> Work to be completed: Your answer must be an exact copy of the records below, minus any images.

[Collected data entries]
•••

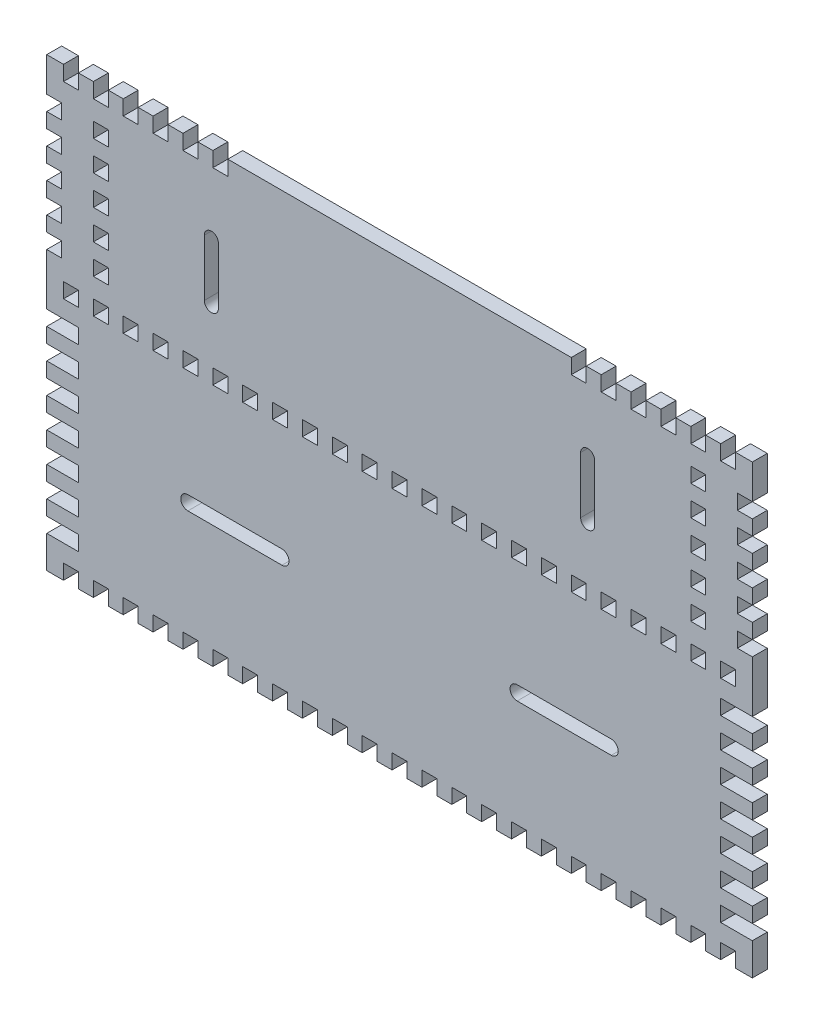
from build123d import *

# Parameters (mm, degrees)
SKETCH1_W                = 150
SKETCH1_H                = 55
BOSS_EXTRUDE1_DEPTH      = 3.175
CUT_EXTRUDE1_REACH       = 81.946
SKETCH2_W                = 3.175
SKETCH2_H                = 6.35
LPATTERN1_COUNT          = 12
LPATTERN1_PITCH          = 6.35
LPATTERN1_COL_COUNT      = 12
LPATTERN1_COL_PITCH      = 6.35
MIRROR1_COPY_1_REACH     = 81.946
MIRROR1_COPY_1_SKETCH_W  = 3.175
MIRROR1_COPY_1_SKETCH_H  = 6.35
MIRROR1_COPY_2_REACH     = 81.946
MIRROR1_COPY_2_SKETCH_W  = 3.175
MIRROR1_COPY_2_SKETCH_H  = 6.35
MIRROR1_COPY_3_REACH     = 81.946
MIRROR1_COPY_3_SKETCH_W  = 3.175
MIRROR1_COPY_3_SKETCH_H  = 6.35
MIRROR1_COPY_4_REACH     = 81.946
MIRROR1_COPY_4_SKETCH_W  = 3.175
MIRROR1_COPY_4_SKETCH_H  = 6.35
MIRROR1_COPY_5_REACH     = 81.946
MIRROR1_COPY_5_SKETCH_W  = 3.175
MIRROR1_COPY_5_SKETCH_H  = 6.35
MIRROR1_COPY_6_REACH     = 81.946
MIRROR1_COPY_6_SKETCH_W  = 3.175
MIRROR1_COPY_6_SKETCH_H  = 6.35
MIRROR1_COPY_7_REACH     = 81.946
MIRROR1_COPY_7_SKETCH_W  = 3.175
MIRROR1_COPY_7_SKETCH_H  = 6.35
MIRROR1_COPY_8_REACH     = 81.946
MIRROR1_COPY_8_SKETCH_W  = 3.175
MIRROR1_COPY_8_SKETCH_H  = 6.35
MIRROR1_COPY_9_REACH     = 81.946
MIRROR1_COPY_9_SKETCH_W  = 3.175
MIRROR1_COPY_9_SKETCH_H  = 6.35
MIRROR1_COPY_10_REACH    = 81.946
MIRROR1_COPY_10_SKETCH_W = 3.175
MIRROR1_COPY_10_SKETCH_H = 6.35
MIRROR1_COPY_11_REACH    = 81.946
MIRROR1_COPY_11_SKETCH_W = 3.175
MIRROR1_COPY_11_SKETCH_H = 6.35
MIRROR1_COPY_12_REACH    = 81.946
MIRROR1_COPY_12_SKETCH_W = 3.175
MIRROR1_COPY_12_SKETCH_H = 6.35
MIRROR1_COPY_13_REACH    = 81.946
MIRROR1_COPY_13_SKETCH_W = 3.175
MIRROR1_COPY_13_SKETCH_H = 6.35
MIRROR1_COPY_14_REACH    = 81.946
MIRROR1_COPY_14_SKETCH_W = 3.175
MIRROR1_COPY_14_SKETCH_H = 6.35
MIRROR1_COPY_15_REACH    = 81.946
MIRROR1_COPY_15_SKETCH_W = 3.175
MIRROR1_COPY_15_SKETCH_H = 6.35
MIRROR1_COPY_16_REACH    = 81.946
MIRROR1_COPY_16_SKETCH_W = 3.175
MIRROR1_COPY_16_SKETCH_H = 6.35
MIRROR1_COPY_17_REACH    = 81.946
MIRROR1_COPY_17_SKETCH_W = 3.175
MIRROR1_COPY_17_SKETCH_H = 6.35
MIRROR1_COPY_18_REACH    = 81.946
MIRROR1_COPY_18_SKETCH_W = 3.175
MIRROR1_COPY_18_SKETCH_H = 6.35
MIRROR1_COPY_19_REACH    = 81.946
MIRROR1_COPY_19_SKETCH_W = 3.175
MIRROR1_COPY_19_SKETCH_H = 6.35
MIRROR1_COPY_20_REACH    = 81.946
MIRROR1_COPY_20_SKETCH_W = 3.175
MIRROR1_COPY_20_SKETCH_H = 6.35
MIRROR1_COPY_21_REACH    = 81.946
MIRROR1_COPY_21_SKETCH_W = 3.175
MIRROR1_COPY_21_SKETCH_H = 6.35
MIRROR1_COPY_22_REACH    = 81.946
MIRROR1_COPY_22_SKETCH_W = 3.175
MIRROR1_COPY_22_SKETCH_H = 6.35
SKETCH5_W                = 6.35
SKETCH5_H                = 3.175
CUT_EXTRUDE3_DEPTH       = 10
LPATTERN2_COUNT          = 4
LPATTERN2_PITCH          = 6.35
LPATTERN2_COL_COUNT      = 4
LPATTERN2_COL_PITCH      = 6.35
MIRROR2_COPY_1_SKETCH_W  = 6.35
MIRROR2_COPY_1_SKETCH_H  = 3.175
MIRROR2_COPY_1_DEPTH     = 10
MIRROR2_COPY_2_SKETCH_W  = 6.35
MIRROR2_COPY_2_SKETCH_H  = 3.175
MIRROR2_COPY_2_DEPTH     = 10
MIRROR2_COPY_3_SKETCH_W  = 6.35
MIRROR2_COPY_3_SKETCH_H  = 3.175
MIRROR2_COPY_3_DEPTH     = 10
MIRROR2_COPY_4_SKETCH_W  = 6.35
MIRROR2_COPY_4_SKETCH_H  = 3.175
MIRROR2_COPY_4_DEPTH     = 10
MIRROR2_COPY_5_SKETCH_W  = 6.35
MIRROR2_COPY_5_SKETCH_H  = 3.175
MIRROR2_COPY_5_DEPTH     = 10
MIRROR2_COPY_6_SKETCH_W  = 6.35
MIRROR2_COPY_6_SKETCH_H  = 3.175
MIRROR2_COPY_6_DEPTH     = 10
SKETCH7_W                = 3.175
SKETCH7_H                = 3.175
CUT_EXTRUDE5_DEPTH       = 10
LPATTERN4_COUNT          = 7
LPATTERN4_PITCH          = 6.35
MIRROR3_COPY_1_SKETCH_W  = 3.175
MIRROR3_COPY_1_SKETCH_H  = 3.175
MIRROR3_COPY_1_DEPTH     = 10
MIRROR3_COPY_2_SKETCH_W  = 3.175
MIRROR3_COPY_2_SKETCH_H  = 3.175
MIRROR3_COPY_2_DEPTH     = 10
MIRROR3_COPY_3_SKETCH_W  = 3.175
MIRROR3_COPY_3_SKETCH_H  = 3.175
MIRROR3_COPY_3_DEPTH     = 10
MIRROR3_COPY_4_SKETCH_W  = 3.175
MIRROR3_COPY_4_SKETCH_H  = 3.175
MIRROR3_COPY_4_DEPTH     = 10
MIRROR3_COPY_5_SKETCH_W  = 3.175
MIRROR3_COPY_5_SKETCH_H  = 3.175
MIRROR3_COPY_5_DEPTH     = 10
MIRROR3_COPY_6_SKETCH_W  = 3.175
MIRROR3_COPY_6_SKETCH_H  = 3.175
MIRROR3_COPY_6_DEPTH     = 10
CUT_EXTRUDE6_DEPTH       = 10
SKETCH9_W                = 150
SKETCH9_H                = 40
BOSS_EXTRUDE2_DEPTH      = 3.175
CUT_EXTRUDE8_DEPTH       = 10
LPATTERN5_COUNT          = 12
LPATTERN5_PITCH          = 6.35
LPATTERN5_COL_COUNT      = 12
LPATTERN5_COL_PITCH      = 6.35
SKETCH12_W               = 73.025
SKETCH12_H               = 3.175
BOSS_EXTRUDE3_DEPTH      = 3.175
SKETCH14_W               = 6.35
SKETCH14_H               = 3.175
CUT_EXTRUDE9_DEPTH       = 10
LPATTERN6_COUNT          = 3
LPATTERN6_PITCH          = 6.35
LPATTERN6_COL_COUNT      = 3
LPATTERN6_COL_PITCH      = 6.35
MIRROR4_COPY_1_SKETCH_W  = 6.35
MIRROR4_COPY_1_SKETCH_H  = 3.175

•••

> Exercise solution:
from build123d import *

# Parameters (mm, degrees)
SKETCH1_W                = 150
SKETCH1_H                = 55
BOSS_EXTRUDE1_DEPTH      = 3.175
CUT_EXTRUDE1_REACH       = 81.946
SKETCH2_W                = 3.175
SKETCH2_H                = 6.35
LPATTERN1_COUNT          = 12
LPATTERN1_PITCH          = 6.35
LPATTERN1_COL_COUNT      = 12
LPATTERN1_COL_PITCH      = 6.35
MIRROR1_COPY_1_REACH     = 81.946
MIRROR1_COPY_1_SKETCH_W  = 3.175
MIRROR1_COPY_1_SKETCH_H  = 6.35
MIRROR1_COPY_2_REACH     = 81.946
MIRROR1_COPY_2_SKETCH_W  = 3.175
MIRROR1_COPY_2_SKETCH_H  = 6.35
MIRROR1_COPY_3_REACH     = 81.946
MIRROR1_COPY_3_SKETCH_W  = 3.175
MIRROR1_COPY_3_SKETCH_H  = 6.35
MIRROR1_COPY_4_REACH     = 81.946
MIRROR1_COPY_4_SKETCH_W  = 3.175
MIRROR1_COPY_4_SKETCH_H  = 6.35
MIRROR1_COPY_5_REACH     = 81.946
MIRROR1_COPY_5_SKETCH_W  = 3.175
MIRROR1_COPY_5_SKETCH_H  = 6.35
MIRROR1_COPY_6_REACH     = 81.946
MIRROR1_COPY_6_SKETCH_W  = 3.175
MIRROR1_COPY_6_SKETCH_H  = 6.35
MIRROR1_COPY_7_REACH     = 81.946
MIRROR1_COPY_7_SKETCH_W  = 3.175
MIRROR1_COPY_7_SKETCH_H  = 6.35
MIRROR1_COPY_8_REACH     = 81.946
MIRROR1_COPY_8_SKETCH_W  = 3.175
MIRROR1_COPY_8_SKETCH_H  = 6.35
MIRROR1_COPY_9_REACH     = 81.946
MIRROR1_COPY_9_SKETCH_W  = 3.175
MIRROR1_COPY_9_SKETCH_H  = 6.35
MIRROR1_COPY_10_REACH    = 81.946
MIRROR1_COPY_10_SKETCH_W = 3.175
MIRROR1_COPY_10_SKETCH_H = 6.35
MIRROR1_COPY_11_REACH    = 81.946
MIRROR1_COPY_11_SKETCH_W = 3.175
MIRROR1_COPY_11_SKETCH_H = 6.35
MIRROR1_COPY_12_REACH    = 81.946
MIRROR1_COPY_12_SKETCH_W = 3.175
MIRROR1_COPY_12_SKETCH_H = 6.35
MIRROR1_COPY_13_REACH    = 81.946
MIRROR1_COPY_13_SKETCH_W = 3.175
MIRROR1_COPY_13_SKETCH_H = 6.35
MIRROR1_COPY_14_REACH    = 81.946
MIRROR1_COPY_14_SKETCH_W = 3.175
MIRROR1_COPY_14_SKETCH_H = 6.35
MIRROR1_COPY_15_REACH    = 81.946
MIRROR1_COPY_15_SKETCH_W = 3.175
MIRROR1_COPY_15_SKETCH_H = 6.35
MIRROR1_COPY_16_REACH    = 81.946
MIRROR1_COPY_16_SKETCH_W = 3.175
MIRROR1_COPY_16_SKETCH_H = 6.35
MIRROR1_COPY_17_REACH    = 81.946
MIRROR1_COPY_17_SKETCH_W = 3.175
MIRROR1_COPY_17_SKETCH_H = 6.35
MIRROR1_COPY_18_REACH    = 81.946
MIRROR1_COPY_18_SKETCH_W = 3.175
MIRROR1_COPY_18_SKETCH_H = 6.35
MIRROR1_COPY_19_REACH    = 81.946
MIRROR1_COPY_19_SKETCH_W = 3.175
MIRROR1_COPY_19_SKETCH_H = 6.35
MIRROR1_COPY_20_REACH    = 81.946
MIRROR1_COPY_20_SKETCH_W = 3.175
MIRROR1_COPY_20_SKETCH_H = 6.35
MIRROR1_COPY_21_REACH    = 81.946
MIRROR1_COPY_21_SKETCH_W = 3.175
MIRROR1_COPY_21_SKETCH_H = 6.35
MIRROR1_COPY_22_REACH    = 81.946
MIRROR1_COPY_22_SKETCH_W = 3.175
MIRROR1_COPY_22_SKETCH_H = 6.35
SKETCH5_W                = 6.35
SKETCH5_H                = 3.175
CUT_EXTRUDE3_DEPTH       = 10
LPATTERN2_COUNT          = 4
LPATTERN2_PITCH          = 6.35
LPATTERN2_COL_COUNT      = 4
LPATTERN2_COL_PITCH      = 6.35
MIRROR2_COPY_1_SKETCH_W  = 6.35
MIRROR2_COPY_1_SKETCH_H  = 3.175
MIRROR2_COPY_1_DEPTH     = 10
MIRROR2_COPY_2_SKETCH_W  = 6.35
MIRROR2_COPY_2_SKETCH_H  = 3.175
MIRROR2_COPY_2_DEPTH     = 10
MIRROR2_COPY_3_SKETCH_W  = 6.35
MIRROR2_COPY_3_SKETCH_H  = 3.175
MIRROR2_COPY_3_DEPTH     = 10
MIRROR2_COPY_4_SKETCH_W  = 6.35
MIRROR2_COPY_4_SKETCH_H  = 3.175
MIRROR2_COPY_4_DEPTH     = 10
MIRROR2_COPY_5_SKETCH_W  = 6.35
MIRROR2_COPY_5_SKETCH_H  = 3.175
MIRROR2_COPY_5_DEPTH     = 10
MIRROR2_COPY_6_SKETCH_W  = 6.35
MIRROR2_COPY_6_SKETCH_H  = 3.175
MIRROR2_COPY_6_DEPTH     = 10
SKETCH7_W                = 3.175
SKETCH7_H                = 3.175
CUT_EXTRUDE5_DEPTH       = 10
LPATTERN4_COUNT          = 7
LPATTERN4_PITCH          = 6.35
MIRROR3_COPY_1_SKETCH_W  = 3.175
MIRROR3_COPY_1_SKETCH_H  = 3.175
MIRROR3_COPY_1_DEPTH     = 10
MIRROR3_COPY_2_SKETCH_W  = 3.175
MIRROR3_COPY_2_SKETCH_H  = 3.175
MIRROR3_COPY_2_DEPTH     = 10
MIRROR3_COPY_3_SKETCH_W  = 3.175
MIRROR3_COPY_3_SKETCH_H  = 3.175
MIRROR3_COPY_3_DEPTH     = 10
MIRROR3_COPY_4_SKETCH_W  = 3.175
MIRROR3_COPY_4_SKETCH_H  = 3.175
MIRROR3_COPY_4_DEPTH     = 10
MIRROR3_COPY_5_SKETCH_W  = 3.175
MIRROR3_COPY_5_SKETCH_H  = 3.175
MIRROR3_COPY_5_DEPTH     = 10
MIRROR3_COPY_6_SKETCH_W  = 3.175
MIRROR3_COPY_6_SKETCH_H  = 3.175
MIRROR3_COPY_6_DEPTH     = 10
CUT_EXTRUDE6_DEPTH       = 10
SKETCH9_W                = 150
SKETCH9_H                = 40
BOSS_EXTRUDE2_DEPTH      = 3.175
CUT_EXTRUDE8_DEPTH       = 10
LPATTERN5_COUNT          = 12
LPATTERN5_PITCH          = 6.35
LPATTERN5_COL_COUNT      = 12
LPATTERN5_COL_PITCH      = 6.35
SKETCH12_W               = 73.025
SKETCH12_H               = 3.175
BOSS_EXTRUDE3_DEPTH      = 3.175
SKETCH14_W               = 6.35
SKETCH14_H               = 3.175
CUT_EXTRUDE9_DEPTH       = 10
LPATTERN6_COUNT          = 3
LPATTERN6_PITCH          = 6.35
LPATTERN6_COL_COUNT      = 3
LPATTERN6_COL_PITCH      = 6.35
MIRROR4_COPY_1_SKETCH_W  = 6.35
MIRROR4_COPY_1_SKETCH_H  = 3.175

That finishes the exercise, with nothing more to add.